→ **Your task**
Taking the line with "- moved J7 107.9 mm to (181.4, 52.6)" as the first and the line with "- U6 pad 8: +3.3V" as the last, set down exactly every line in that range from the entries below, and no more.

→ **Input for this task**
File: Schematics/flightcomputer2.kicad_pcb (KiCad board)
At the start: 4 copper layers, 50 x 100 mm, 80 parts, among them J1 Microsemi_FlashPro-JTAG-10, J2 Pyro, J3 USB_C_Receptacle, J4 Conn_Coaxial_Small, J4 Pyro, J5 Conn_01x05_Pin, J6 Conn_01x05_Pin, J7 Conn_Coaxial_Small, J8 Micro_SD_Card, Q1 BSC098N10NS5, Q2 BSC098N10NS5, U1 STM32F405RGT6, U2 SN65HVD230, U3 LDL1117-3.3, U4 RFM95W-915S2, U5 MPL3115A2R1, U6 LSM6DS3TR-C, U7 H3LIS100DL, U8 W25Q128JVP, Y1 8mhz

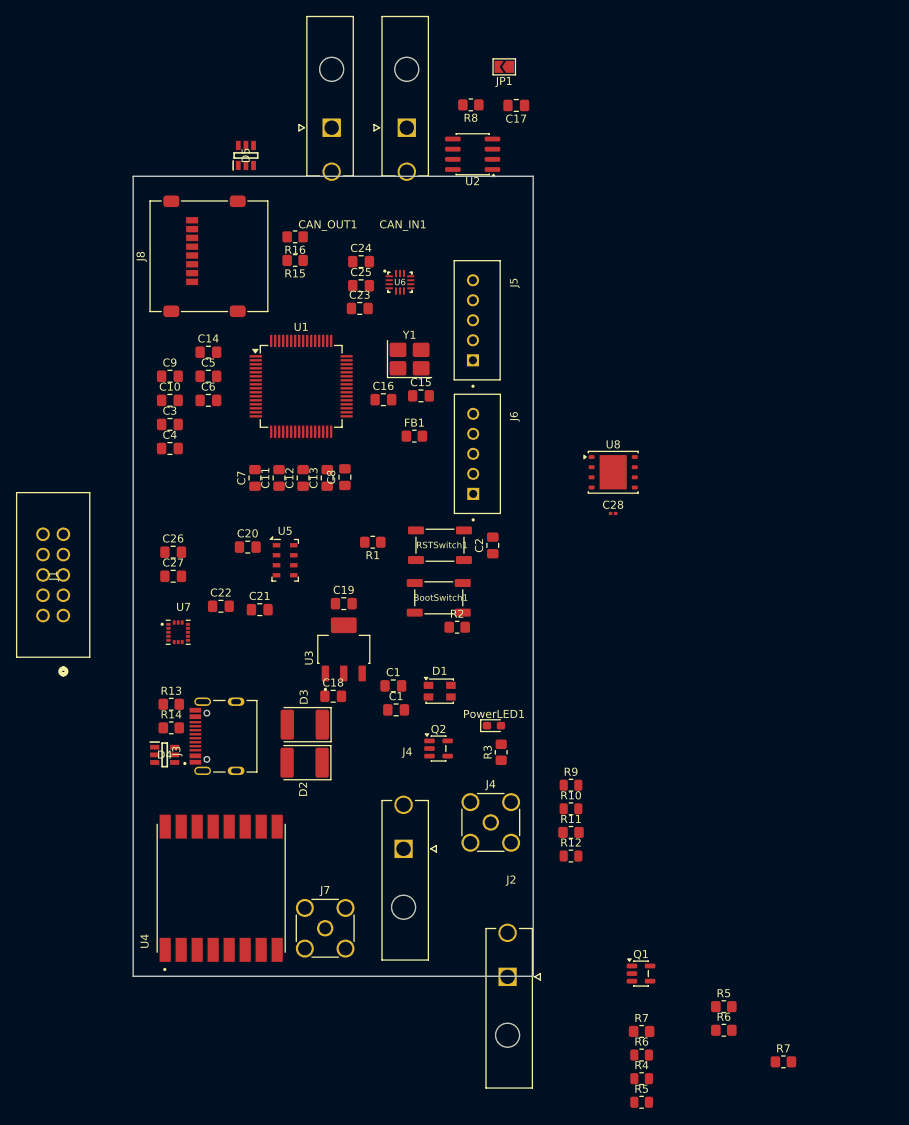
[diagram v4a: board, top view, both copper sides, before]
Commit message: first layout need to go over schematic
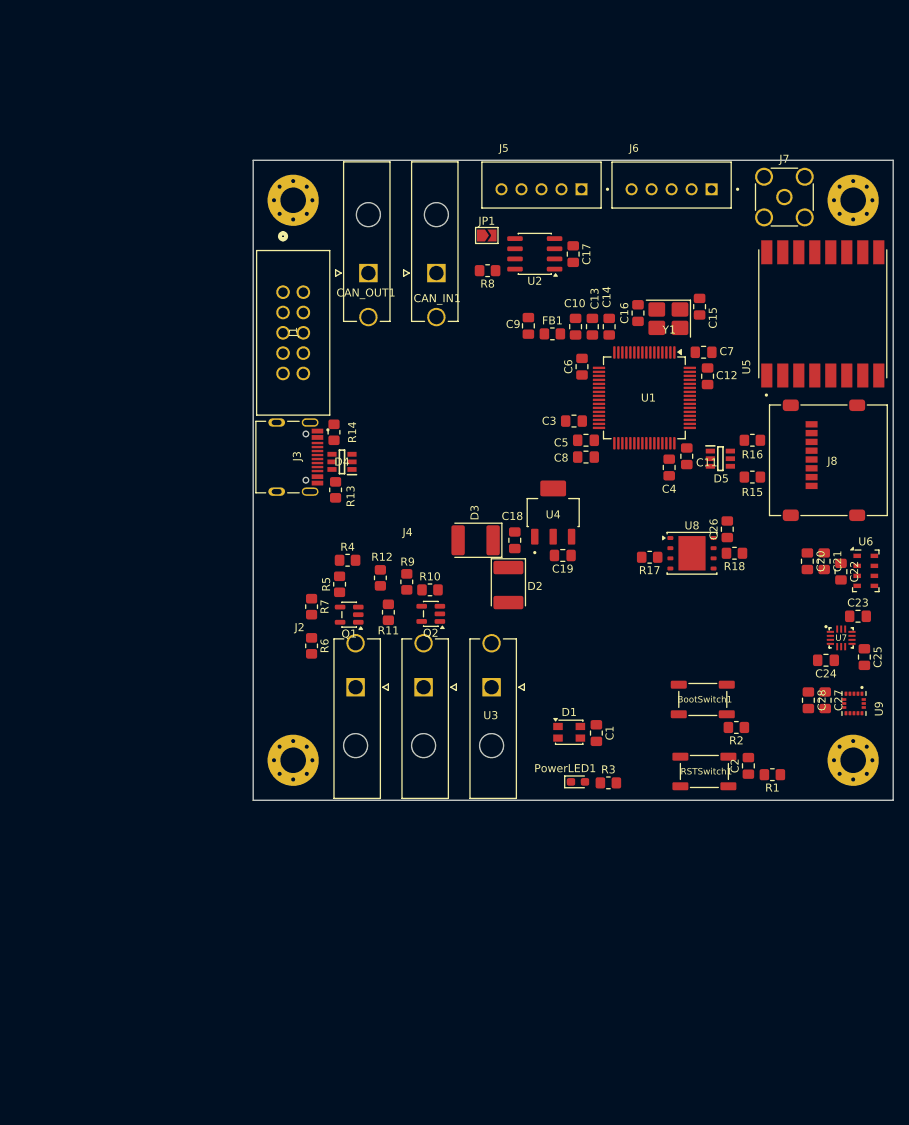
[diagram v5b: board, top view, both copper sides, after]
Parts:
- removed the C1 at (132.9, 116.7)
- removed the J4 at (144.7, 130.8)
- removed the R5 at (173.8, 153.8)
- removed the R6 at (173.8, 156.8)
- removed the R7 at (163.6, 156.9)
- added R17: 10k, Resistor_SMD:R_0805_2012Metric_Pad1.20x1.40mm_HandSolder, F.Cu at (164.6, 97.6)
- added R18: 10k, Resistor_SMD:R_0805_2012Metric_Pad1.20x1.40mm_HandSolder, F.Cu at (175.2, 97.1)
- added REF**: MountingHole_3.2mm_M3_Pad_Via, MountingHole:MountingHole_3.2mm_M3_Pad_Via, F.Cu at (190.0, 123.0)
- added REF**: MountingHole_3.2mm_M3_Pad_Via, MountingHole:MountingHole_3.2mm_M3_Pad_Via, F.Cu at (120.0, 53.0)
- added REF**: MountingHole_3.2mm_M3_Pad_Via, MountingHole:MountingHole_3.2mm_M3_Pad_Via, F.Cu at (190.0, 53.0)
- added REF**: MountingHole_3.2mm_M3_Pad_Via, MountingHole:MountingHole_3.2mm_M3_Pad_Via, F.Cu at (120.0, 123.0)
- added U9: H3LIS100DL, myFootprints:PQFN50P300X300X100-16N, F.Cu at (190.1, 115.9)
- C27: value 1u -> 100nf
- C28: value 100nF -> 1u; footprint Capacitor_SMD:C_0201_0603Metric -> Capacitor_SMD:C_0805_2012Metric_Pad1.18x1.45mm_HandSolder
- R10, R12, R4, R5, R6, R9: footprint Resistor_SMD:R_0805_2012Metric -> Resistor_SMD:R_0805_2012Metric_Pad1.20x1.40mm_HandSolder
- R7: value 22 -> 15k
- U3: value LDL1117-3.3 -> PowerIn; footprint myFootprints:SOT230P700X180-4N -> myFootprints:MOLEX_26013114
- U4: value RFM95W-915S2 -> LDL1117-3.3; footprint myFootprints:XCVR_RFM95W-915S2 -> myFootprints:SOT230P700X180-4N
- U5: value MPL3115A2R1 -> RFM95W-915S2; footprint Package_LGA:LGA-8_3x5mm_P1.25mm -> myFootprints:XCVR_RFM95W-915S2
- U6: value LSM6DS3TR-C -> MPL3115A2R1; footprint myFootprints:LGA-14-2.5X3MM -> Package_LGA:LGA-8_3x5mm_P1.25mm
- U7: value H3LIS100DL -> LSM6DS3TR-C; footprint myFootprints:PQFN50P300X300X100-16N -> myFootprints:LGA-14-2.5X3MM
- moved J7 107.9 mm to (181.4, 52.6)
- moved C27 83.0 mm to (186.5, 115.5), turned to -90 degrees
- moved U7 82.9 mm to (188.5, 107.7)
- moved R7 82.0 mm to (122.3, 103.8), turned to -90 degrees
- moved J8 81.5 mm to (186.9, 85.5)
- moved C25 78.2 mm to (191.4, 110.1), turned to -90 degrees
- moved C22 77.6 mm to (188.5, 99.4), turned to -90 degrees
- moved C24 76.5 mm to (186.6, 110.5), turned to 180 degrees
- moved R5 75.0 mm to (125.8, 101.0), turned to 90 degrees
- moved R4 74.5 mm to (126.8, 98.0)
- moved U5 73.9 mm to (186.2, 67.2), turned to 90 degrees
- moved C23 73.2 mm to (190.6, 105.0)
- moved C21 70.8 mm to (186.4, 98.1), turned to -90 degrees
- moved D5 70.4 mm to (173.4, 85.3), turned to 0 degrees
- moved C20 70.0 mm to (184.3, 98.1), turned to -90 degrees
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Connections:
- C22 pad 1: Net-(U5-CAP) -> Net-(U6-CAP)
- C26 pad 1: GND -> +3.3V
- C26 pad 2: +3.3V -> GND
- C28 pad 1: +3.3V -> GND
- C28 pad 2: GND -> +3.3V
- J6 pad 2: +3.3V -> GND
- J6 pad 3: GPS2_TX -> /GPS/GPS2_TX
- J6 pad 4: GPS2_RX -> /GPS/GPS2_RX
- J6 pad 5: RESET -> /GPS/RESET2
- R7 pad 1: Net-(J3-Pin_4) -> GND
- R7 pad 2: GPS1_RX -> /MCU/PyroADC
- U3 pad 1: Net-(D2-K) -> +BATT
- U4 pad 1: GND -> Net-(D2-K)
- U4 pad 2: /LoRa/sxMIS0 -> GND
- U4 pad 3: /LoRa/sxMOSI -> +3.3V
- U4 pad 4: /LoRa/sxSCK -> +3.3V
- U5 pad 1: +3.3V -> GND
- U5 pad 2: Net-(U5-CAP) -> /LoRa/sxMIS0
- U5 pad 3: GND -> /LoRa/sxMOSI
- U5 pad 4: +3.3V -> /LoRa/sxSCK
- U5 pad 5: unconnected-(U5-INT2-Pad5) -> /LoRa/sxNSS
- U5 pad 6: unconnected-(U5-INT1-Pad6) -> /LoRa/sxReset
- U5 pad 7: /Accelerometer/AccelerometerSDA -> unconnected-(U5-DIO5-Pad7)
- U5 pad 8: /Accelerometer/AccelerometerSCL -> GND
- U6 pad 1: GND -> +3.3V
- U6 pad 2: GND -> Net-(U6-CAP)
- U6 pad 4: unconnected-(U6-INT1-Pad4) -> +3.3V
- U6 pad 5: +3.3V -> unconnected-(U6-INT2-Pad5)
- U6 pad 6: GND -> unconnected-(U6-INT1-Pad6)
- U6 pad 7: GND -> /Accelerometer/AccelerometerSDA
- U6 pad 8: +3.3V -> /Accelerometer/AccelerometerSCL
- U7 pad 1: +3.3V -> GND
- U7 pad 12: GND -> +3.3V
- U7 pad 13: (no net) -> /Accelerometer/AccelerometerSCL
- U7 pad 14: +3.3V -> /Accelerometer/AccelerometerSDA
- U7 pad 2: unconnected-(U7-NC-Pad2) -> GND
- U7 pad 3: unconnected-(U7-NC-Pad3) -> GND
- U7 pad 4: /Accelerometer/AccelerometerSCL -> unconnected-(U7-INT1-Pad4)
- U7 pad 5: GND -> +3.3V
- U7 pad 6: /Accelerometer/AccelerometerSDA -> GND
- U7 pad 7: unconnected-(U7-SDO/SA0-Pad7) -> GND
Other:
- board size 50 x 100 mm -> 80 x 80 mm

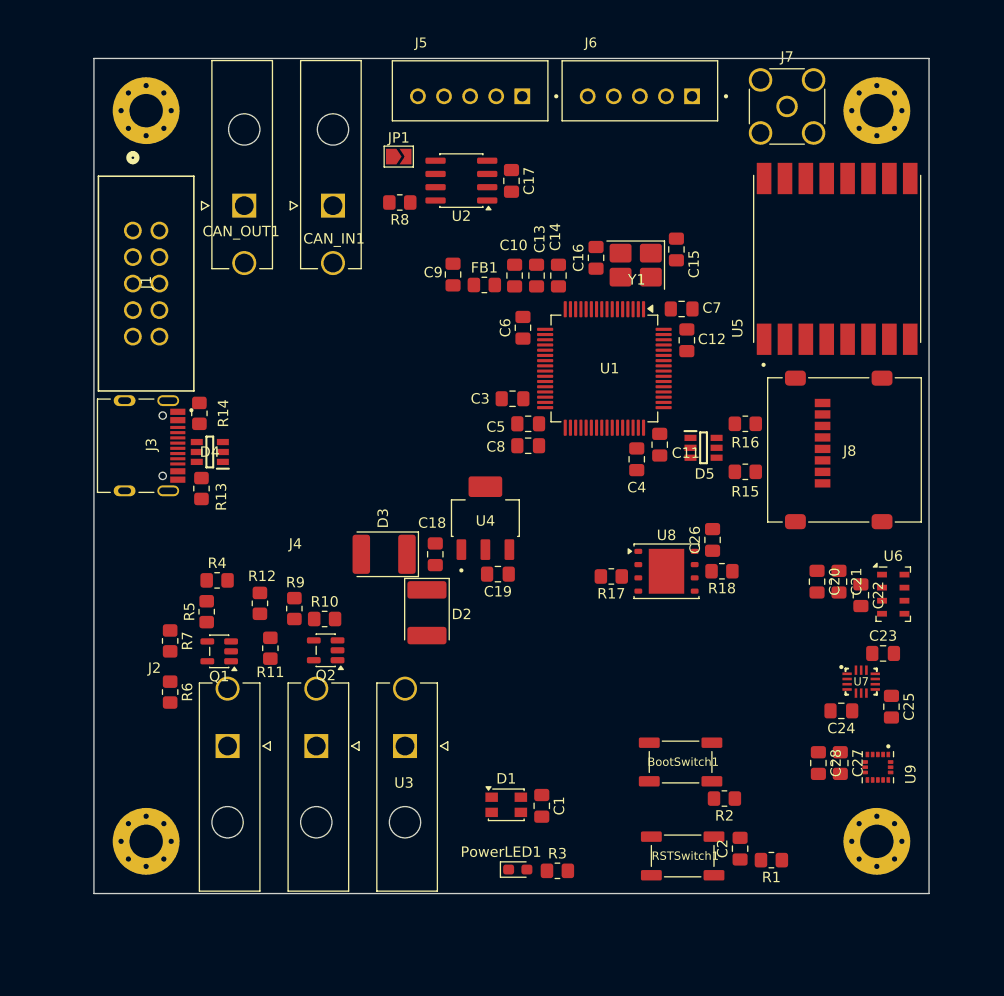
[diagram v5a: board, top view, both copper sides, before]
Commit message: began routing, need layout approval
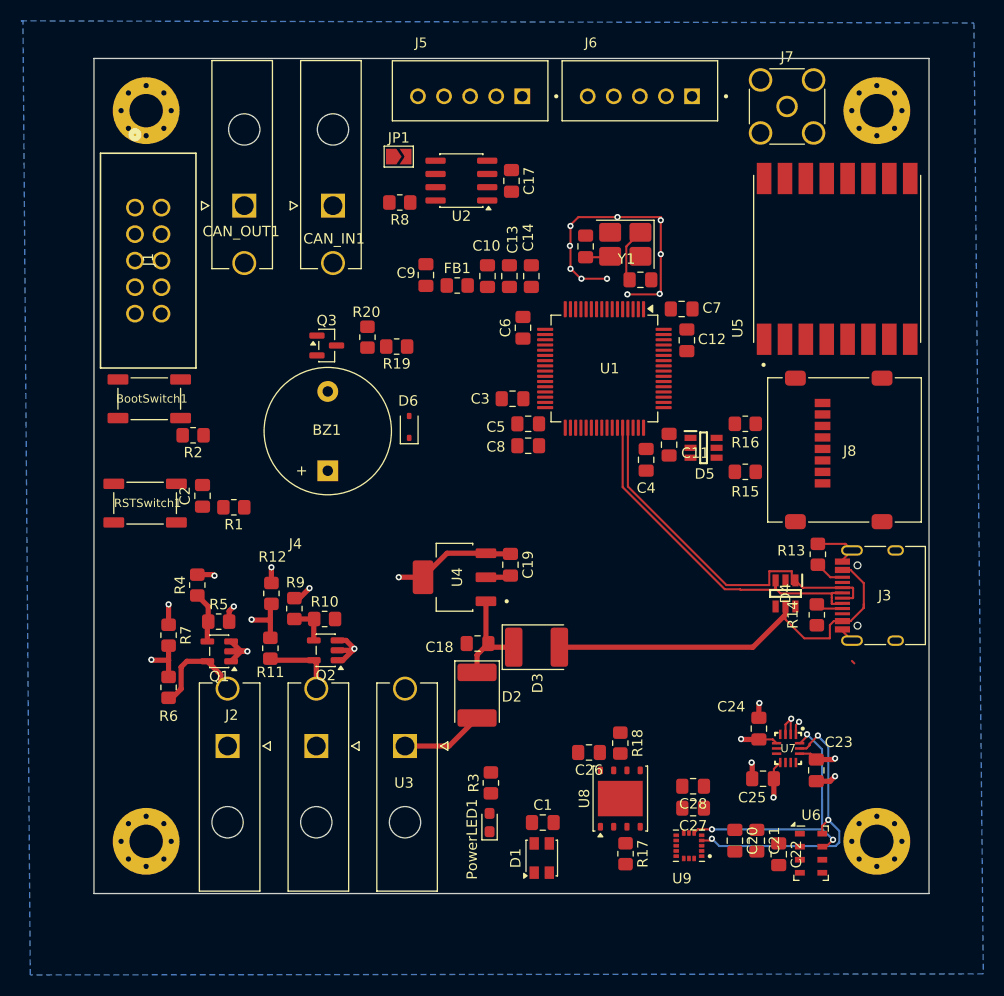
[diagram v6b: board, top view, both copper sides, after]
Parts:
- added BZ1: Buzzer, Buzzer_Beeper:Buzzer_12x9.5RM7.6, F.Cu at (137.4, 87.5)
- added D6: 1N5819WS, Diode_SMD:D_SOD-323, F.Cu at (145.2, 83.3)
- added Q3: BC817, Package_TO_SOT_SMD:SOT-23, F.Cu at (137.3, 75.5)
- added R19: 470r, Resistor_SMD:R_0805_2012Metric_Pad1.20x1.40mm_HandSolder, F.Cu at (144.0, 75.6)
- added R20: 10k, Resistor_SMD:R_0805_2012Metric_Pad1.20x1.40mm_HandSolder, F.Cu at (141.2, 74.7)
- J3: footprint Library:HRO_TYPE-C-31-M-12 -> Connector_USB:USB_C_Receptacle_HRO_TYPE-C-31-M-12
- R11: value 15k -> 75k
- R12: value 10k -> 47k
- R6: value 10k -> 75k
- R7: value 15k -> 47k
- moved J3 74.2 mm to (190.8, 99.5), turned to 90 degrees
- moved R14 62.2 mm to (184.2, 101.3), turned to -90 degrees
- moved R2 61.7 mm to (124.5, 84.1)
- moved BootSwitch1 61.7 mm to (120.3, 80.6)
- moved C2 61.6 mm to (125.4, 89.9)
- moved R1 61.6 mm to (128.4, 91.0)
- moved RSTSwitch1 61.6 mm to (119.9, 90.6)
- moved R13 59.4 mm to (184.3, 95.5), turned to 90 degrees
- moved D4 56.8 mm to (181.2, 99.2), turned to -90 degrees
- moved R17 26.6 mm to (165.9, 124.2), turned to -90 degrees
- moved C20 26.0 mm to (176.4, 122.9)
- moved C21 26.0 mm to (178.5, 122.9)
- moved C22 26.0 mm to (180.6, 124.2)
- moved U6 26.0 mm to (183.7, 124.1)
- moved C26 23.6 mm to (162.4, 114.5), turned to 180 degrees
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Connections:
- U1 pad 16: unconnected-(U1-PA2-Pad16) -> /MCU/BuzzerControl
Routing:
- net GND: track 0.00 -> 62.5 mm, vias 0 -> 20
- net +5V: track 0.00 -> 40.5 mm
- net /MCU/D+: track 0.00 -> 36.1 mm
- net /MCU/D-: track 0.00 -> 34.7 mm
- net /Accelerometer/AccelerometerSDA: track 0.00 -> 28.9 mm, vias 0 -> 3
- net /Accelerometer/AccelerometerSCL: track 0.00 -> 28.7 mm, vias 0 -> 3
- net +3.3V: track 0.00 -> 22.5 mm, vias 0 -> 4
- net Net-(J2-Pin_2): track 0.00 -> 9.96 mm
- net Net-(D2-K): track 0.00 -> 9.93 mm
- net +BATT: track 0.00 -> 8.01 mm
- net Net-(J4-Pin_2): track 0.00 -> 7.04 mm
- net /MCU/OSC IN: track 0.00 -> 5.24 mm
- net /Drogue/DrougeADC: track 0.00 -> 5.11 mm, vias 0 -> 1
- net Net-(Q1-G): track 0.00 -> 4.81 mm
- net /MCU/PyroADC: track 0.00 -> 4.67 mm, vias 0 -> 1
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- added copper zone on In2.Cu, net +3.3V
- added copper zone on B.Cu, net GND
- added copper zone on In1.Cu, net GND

→ **Written response**
- moved J7 107.9 mm to (181.4, 52.6)
- moved C27 83.0 mm to (186.5, 115.5), turned to -90 degrees
- moved U7 82.9 mm to (188.5, 107.7)
- moved R7 82.0 mm to (122.3, 103.8), turned to -90 degrees
- moved J8 81.5 mm to (186.9, 85.5)
- moved C25 78.2 mm to (191.4, 110.1), turned to -90 degrees
- moved C22 77.6 mm to (188.5, 99.4), turned to -90 degrees
- moved C24 76.5 mm to (186.6, 110.5), turned to 180 degrees
- moved R5 75.0 mm to (125.8, 101.0), turned to 90 degrees
- moved R4 74.5 mm to (126.8, 98.0)
- moved U5 73.9 mm to (186.2, 67.2), turned to 90 degrees
- moved C23 73.2 mm to (190.6, 105.0)
- moved C21 70.8 mm to (186.4, 98.1), turned to -90 degrees
- moved D5 70.4 mm to (173.4, 85.3), turned to 0 degrees
- moved C20 70.0 mm to (184.3, 98.1), turned to -90 degrees
Connections:
- C22 pad 1: Net-(U5-CAP) -> Net-(U6-CAP)
- C26 pad 1: GND -> +3.3V
- C26 pad 2: +3.3V -> GND
- C28 pad 1: +3.3V -> GND
- C28 pad 2: GND -> +3.3V
- J6 pad 2: +3.3V -> GND
- J6 pad 3: GPS2_TX -> /GPS/GPS2_TX
- J6 pad 4: GPS2_RX -> /GPS/GPS2_RX
- J6 pad 5: RESET -> /GPS/RESET2
- R7 pad 1: Net-(J3-Pin_4) -> GND
- R7 pad 2: GPS1_RX -> /MCU/PyroADC
- U3 pad 1: Net-(D2-K) -> +BATT
- U4 pad 1: GND -> Net-(D2-K)
- U4 pad 2: /LoRa/sxMIS0 -> GND
- U4 pad 3: /LoRa/sxMOSI -> +3.3V
- U4 pad 4: /LoRa/sxSCK -> +3.3V
- U5 pad 1: +3.3V -> GND
- U5 pad 2: Net-(U5-CAP) -> /LoRa/sxMIS0
- U5 pad 3: GND -> /LoRa/sxMOSI
- U5 pad 4: +3.3V -> /LoRa/sxSCK
- U5 pad 5: unconnected-(U5-INT2-Pad5) -> /LoRa/sxNSS
- U5 pad 6: unconnected-(U5-INT1-Pad6) -> /LoRa/sxReset
- U5 pad 7: /Accelerometer/AccelerometerSDA -> unconnected-(U5-DIO5-Pad7)
- U5 pad 8: /Accelerometer/AccelerometerSCL -> GND
- U6 pad 1: GND -> +3.3V
- U6 pad 2: GND -> Net-(U6-CAP)
- U6 pad 4: unconnected-(U6-INT1-Pad4) -> +3.3V
- U6 pad 5: +3.3V -> unconnected-(U6-INT2-Pad5)
- U6 pad 6: GND -> unconnected-(U6-INT1-Pad6)
- U6 pad 7: GND -> /Accelerometer/AccelerometerSDA
- U6 pad 8: +3.3V -> /Accelerometer/AccelerometerSCL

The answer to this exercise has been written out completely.